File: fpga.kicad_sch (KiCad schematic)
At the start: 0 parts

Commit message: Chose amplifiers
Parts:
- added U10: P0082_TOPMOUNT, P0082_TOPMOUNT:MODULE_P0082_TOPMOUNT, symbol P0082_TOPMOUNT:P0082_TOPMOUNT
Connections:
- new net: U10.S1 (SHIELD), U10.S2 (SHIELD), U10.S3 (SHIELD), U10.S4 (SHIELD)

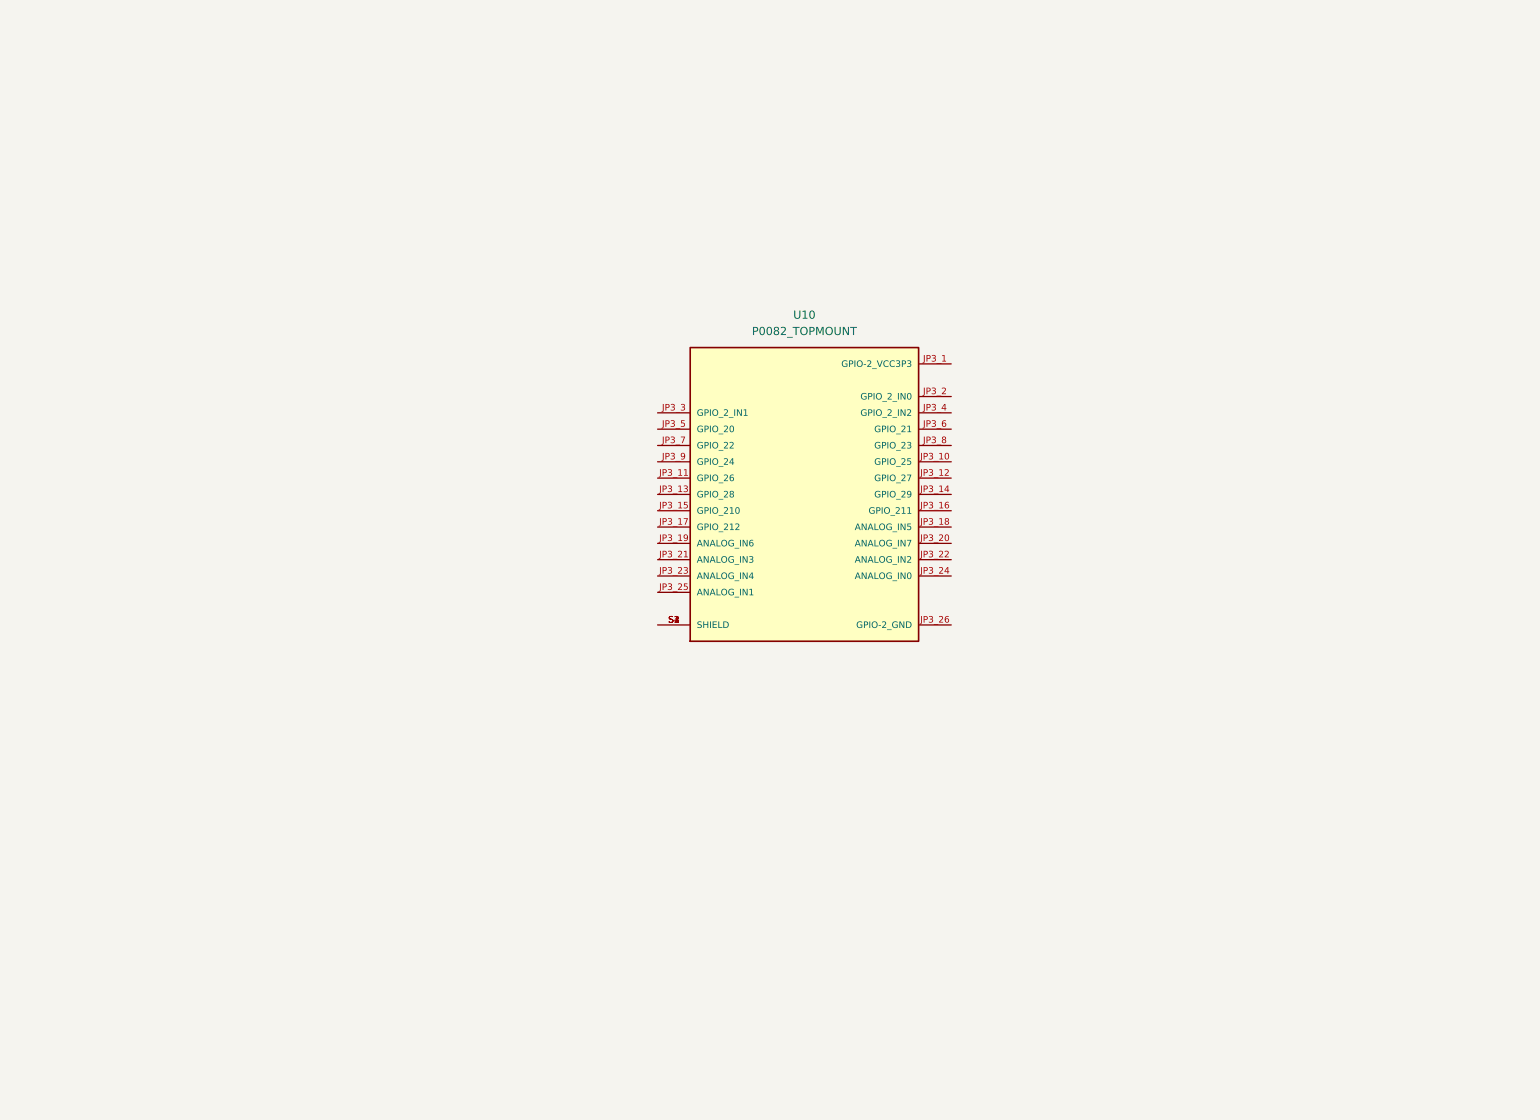
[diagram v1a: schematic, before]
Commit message: Add some of the AF power supply levels
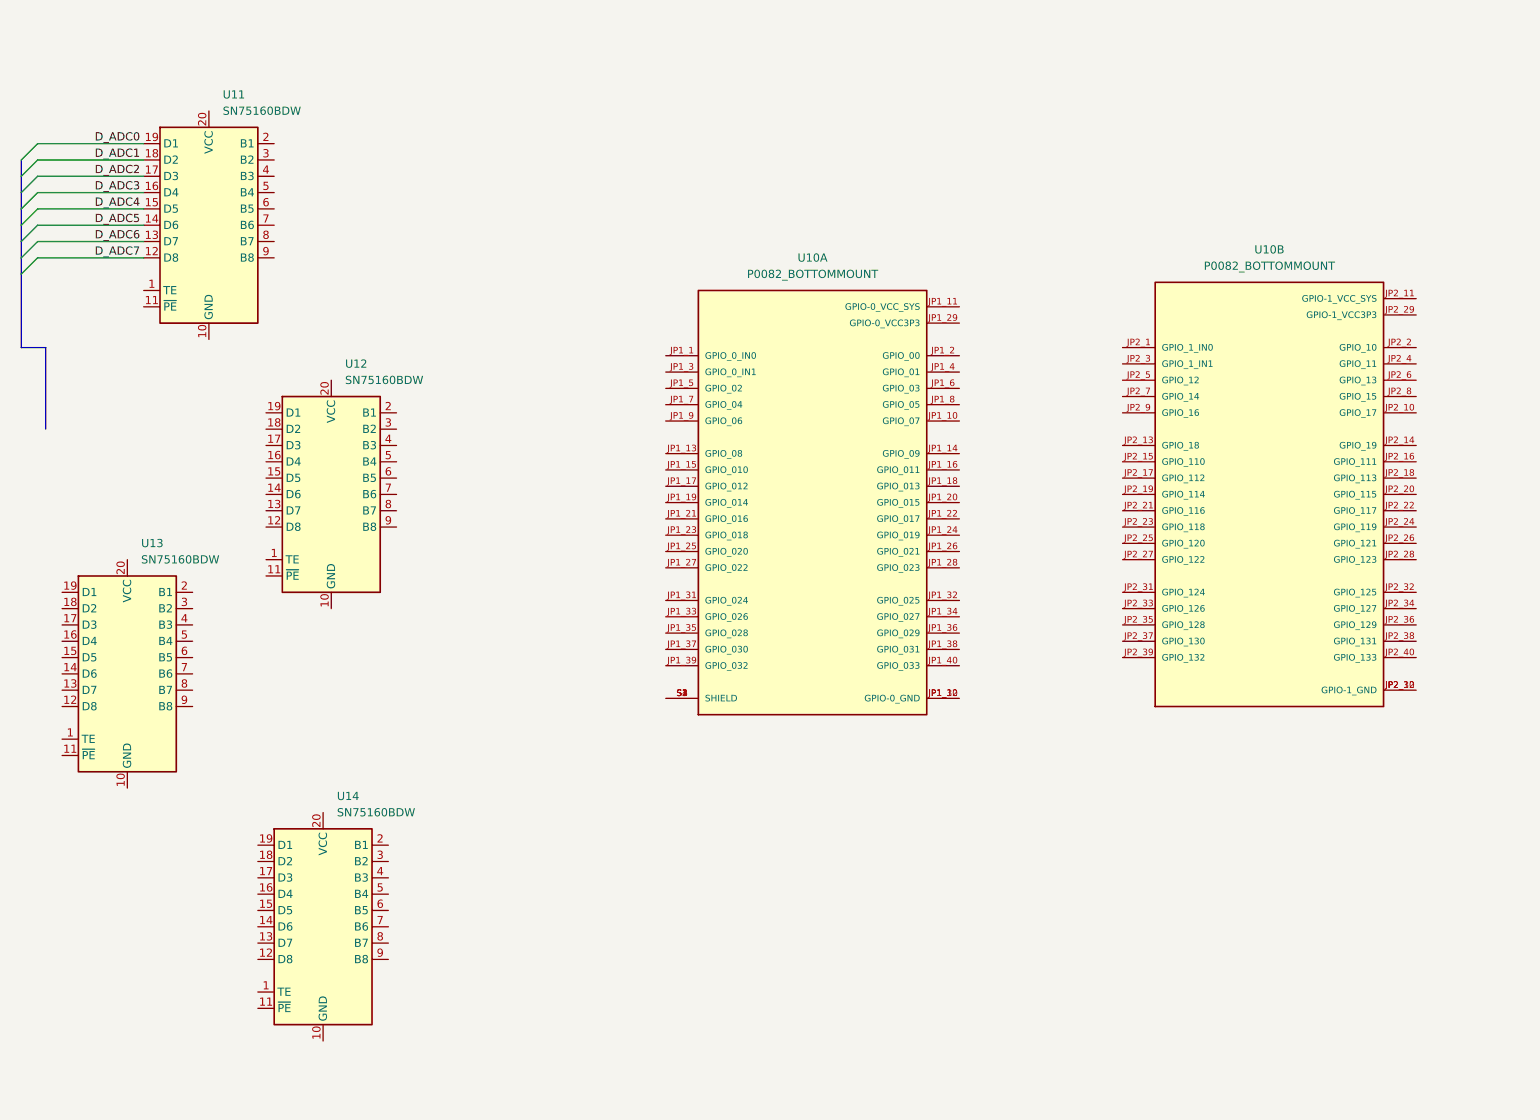
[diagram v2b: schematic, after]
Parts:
- removed U10: P0082_TOPMOUNT, P0082_TOPMOUNT:MODULE_P0082_TOPMOUNT, symbol P0082_TOPMOUNT:P0082_TOPMOUNT
- added U10: P0082_BOTTOMMOUNT, P0082_BOTTOMMOUNT:MODULE_P0082_BOTTOMMOUNT, symbol P0082_BOTTOMMOUNT:P0082_BOTTOMMOUNT
- added U11, U12, U13, U14: SN75160BDW, Package_SO:SOIC-20W_7.5x12.8mm_P1.27mm, symbol Interface:SN75160BDW
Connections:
- new net: U10.JP1_12 (GPIO-0_GND), U10.JP1_30 (GPIO-0_GND)
- new net: U10.S1 (SHIELD), U10.S2 (SHIELD), U10.S3 (SHIELD), U10.S4 (SHIELD)
- new net: U10.JP2_12 (GPIO-1_GND), U10.JP2_30 (GPIO-1_GND)
- new net D_ADC0: U11.19 (D1)
- new net D_ADC1: U11.18 (D2)
- new net D_ADC2: U11.17 (D3)
- new net D_ADC3: U11.16 (D4)
- new net D_ADC4: U11.15 (D5)
- new net D_ADC5: U11.14 (D6)
- new net D_ADC6: U11.13 (D7)
- new net D_ADC7: U11.12 (D8)

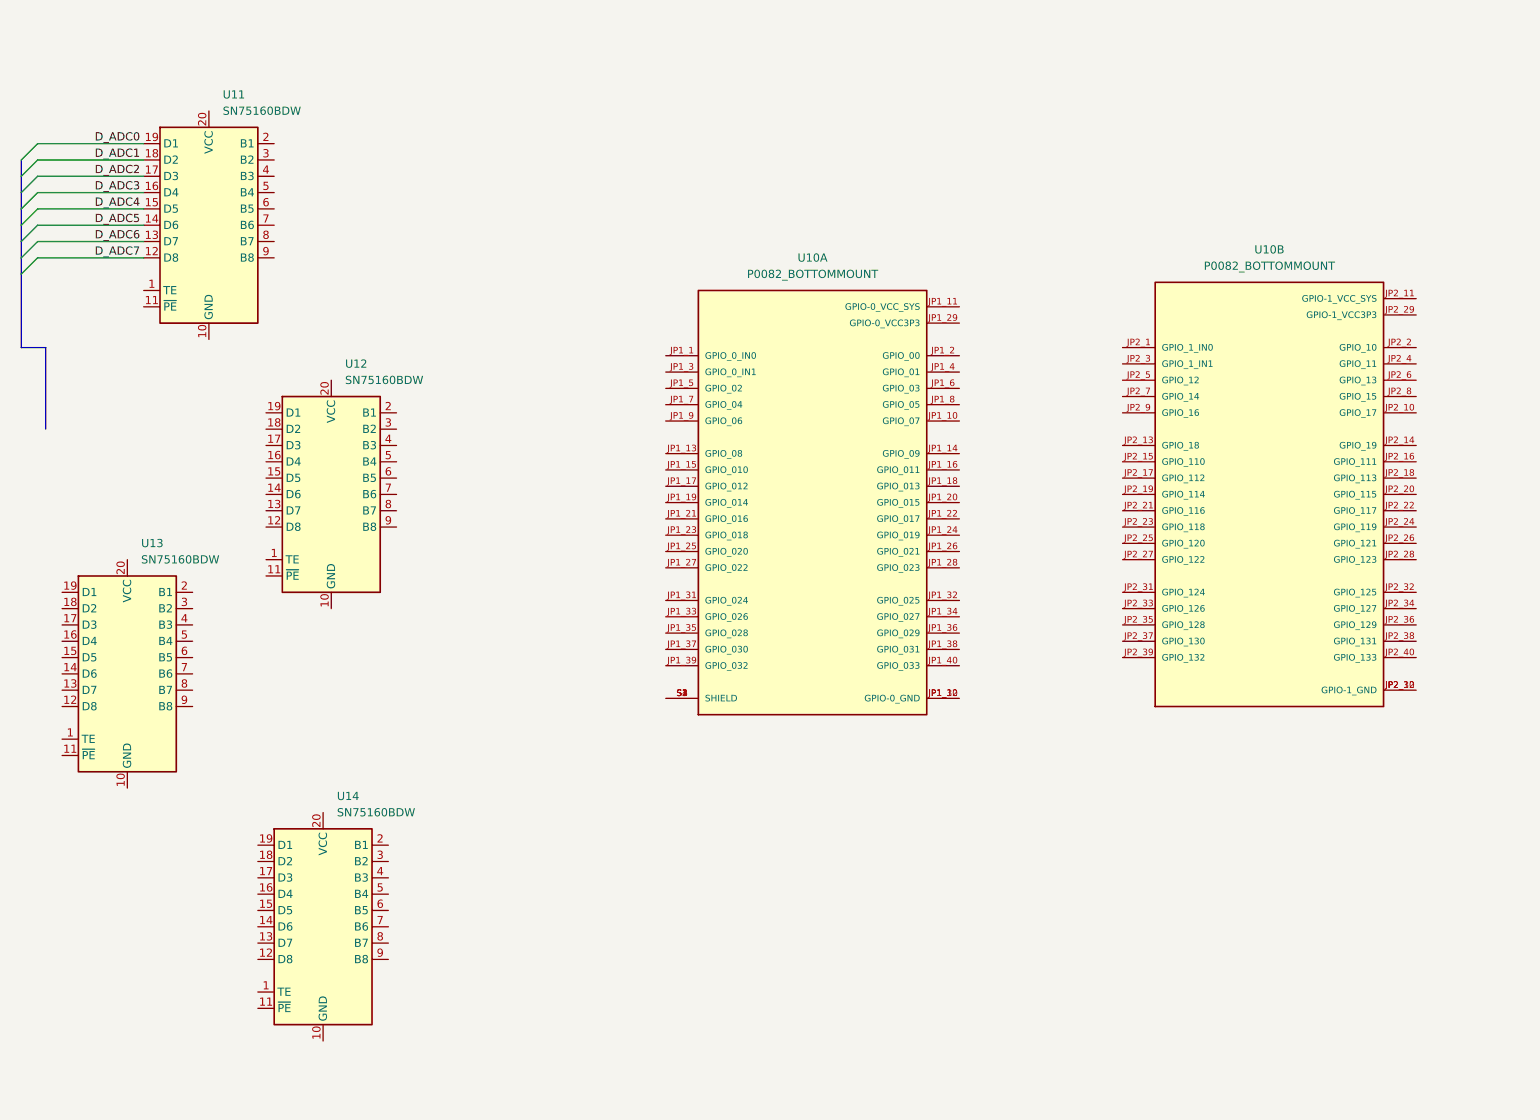
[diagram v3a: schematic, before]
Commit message: Link up ADC to FPGA
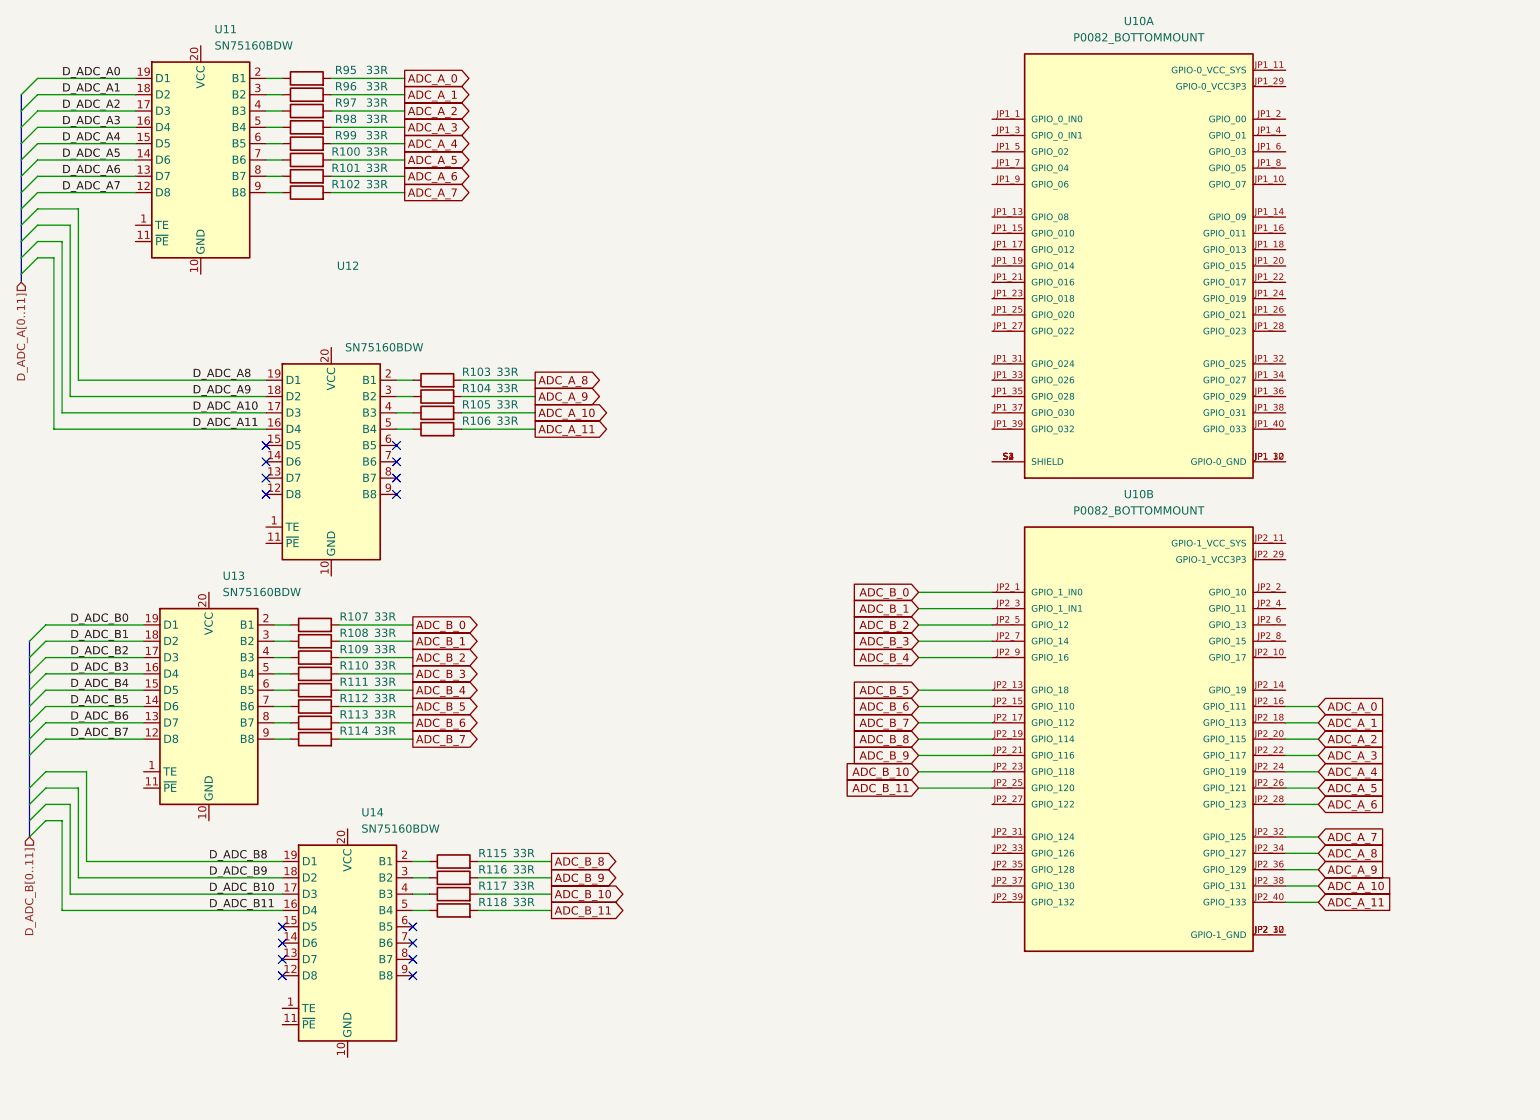
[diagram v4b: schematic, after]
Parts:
- added R100, R101, R102, R103, R104, R105, R106, R107, R108, R109, R110, R111, R112, R113, R114, R115, R116, R117, R118, R95, R96, R97, R98, R99: 33R, Resistor_SMD:R_0402_1005Metric_Pad0.72x0.64mm_HandSolder, symbol Device:R
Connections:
- net D_ADC_A11: now reaches U12.16 (D4)
- net D_ADC_A10: now reaches U12.17 (D3)
- net D_ADC_A9: now reaches U12.18 (D2)
- net D_ADC_A8: now reaches U12.19 (D1)
- net at U12.2 (B1): now also R103.1
- net at U12.3 (B2): now also R104.1
- net at U12.4 (B3): now also R105.1
- net at U12.5 (B4): now also R106.1
- net at U11.2 (B1): now also R95.1
- net at U11.3 (B2): now also R96.1
- net at U11.4 (B3): now also R97.1
- net at U11.5 (B4): now also R98.1
- net at U11.6 (B5): now also R99.1
- net at U11.7 (B6): now also R100.1
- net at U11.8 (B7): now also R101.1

^^^^

WORK TASK: Across the lines of the material above, tally those holding the word "Commit" and state the number by itself.

YOUR RESPONSE: 3